Differentiate between IAD and pressure ulcers
Note that misdiagnosis is common
If diagnosis remains unclear, standard skin care interventions

should be implemented to manage both conditions

Differentiation between pressure ulcers and moisture lesions

The assessment of IAD start with a continence assessment, which should include the frequency of incontinence, especially fecal incontinence with diarrhea. Other assessments to differentiate moisture lesions from pressure ulcers are shown in this table and include differentiating the cause, location, shape and edge, depth, and presence of necrosis. And it might sound obvious, but moisture lesions are associated with the presence of moisture. It’s amazing how often this goes unnoticed. And pressure ulcers are usually found in the presence of either pressure or shear over bony prominences. Pressure ulcers tend to have a distinct edge and shape with a deeper depth, while moisture lesions are more diffuse and usually superficial. And a sometimes While necrotic tissue may be present in a pressure ulcer, moisture ulcers are not associated with necrosis.

 

Also, noting the presence of some other factors can be very important to differentiating pressure ulcers from IAD or other moisture lesions. These include the general condition of the skin, if the patient has compromised mobility, poor personal hygiene, reduced cognitive awareness, poor nutritional status, critical illness, or the use of antibiotic or immunosuppressive medications, all of which are risk factors. In addition, the assessment of pain, pyrexia, and the use of occlusive containment products for incontinence should be considered.

 

Locations at higher risk for IAD include the perineum, peri-genital areas, buttocks, gluteal fold, thighs, lower back, lower abdomen and skinfolds that may be chronically exposed to moisture from urinary and fecal incontinence. Each of those areas can be assessed for the typical characteristics of IAD, including the presence of lesions, skin erosion, erythema, maceration, and signs of bacterial or fungal infection.

 

IAD prevention and management

The early detection of skin damage is key to integrating prevention measures into the treatment plan. And a single assessment isn’t enough. The clinical team and caregiver should continually assess the patient for skin damage in order to alter the treatment regimen to best prevent and manage IAD.

Prevention of skin damage

Continence assessment and management
Skin care regimen and products
Skin examination

Texture, maceration, edema

Pain, sensitivity

Temperature

Continence management to reduce leakage and other sources of skin exposure to urinary and fecal matter is the foundation for IAD prevention and treatment. If diarrhea incontinence cannot be resolved through the reduction of risk factors, a good example of which is diarrhea associated with antibiotics, then it may be necessary to consider fecal management systems. The appropriate use and maintenance of continence devices, including pads, urinary sheaths, and stool diversion systems are important prevention and management interventions.

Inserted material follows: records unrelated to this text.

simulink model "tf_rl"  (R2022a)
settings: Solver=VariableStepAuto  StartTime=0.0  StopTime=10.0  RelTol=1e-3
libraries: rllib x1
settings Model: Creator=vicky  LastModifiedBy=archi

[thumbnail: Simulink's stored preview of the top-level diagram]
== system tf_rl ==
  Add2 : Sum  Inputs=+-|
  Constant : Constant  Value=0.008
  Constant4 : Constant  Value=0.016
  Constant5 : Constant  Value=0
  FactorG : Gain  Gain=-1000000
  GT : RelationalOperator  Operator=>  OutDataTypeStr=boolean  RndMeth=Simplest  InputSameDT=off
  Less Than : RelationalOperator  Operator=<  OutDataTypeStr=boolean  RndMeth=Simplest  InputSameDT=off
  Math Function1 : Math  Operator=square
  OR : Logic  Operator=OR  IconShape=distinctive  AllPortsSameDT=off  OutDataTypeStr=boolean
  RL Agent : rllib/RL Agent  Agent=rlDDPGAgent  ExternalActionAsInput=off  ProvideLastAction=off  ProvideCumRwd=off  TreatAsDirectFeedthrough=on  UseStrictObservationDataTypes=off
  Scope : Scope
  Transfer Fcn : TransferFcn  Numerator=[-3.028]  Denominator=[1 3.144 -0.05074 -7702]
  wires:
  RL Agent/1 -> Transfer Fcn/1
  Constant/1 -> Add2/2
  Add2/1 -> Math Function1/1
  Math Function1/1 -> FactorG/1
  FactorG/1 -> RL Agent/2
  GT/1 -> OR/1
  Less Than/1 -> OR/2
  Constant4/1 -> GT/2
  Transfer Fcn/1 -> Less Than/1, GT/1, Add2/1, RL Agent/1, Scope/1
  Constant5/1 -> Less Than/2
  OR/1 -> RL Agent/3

If non-invasive interventions fail, a risk versus benefit analysis (with the risk being a potential catheter-associated urinary tract infection and the benefit being the reduced risk for IAD) may suggest the temporary use of indwelling catheters that can help to protect skin from urinary exposure. Good catheter management will minimize skin contact with urine.

A structured skin care regimen should include skin cleansing, skin protection, and the restoration of the skin barrier function. New technologies introduced to body pads can draw excess fluids away from the skin to prevent occlusion and over-hydration of the stratum corneum.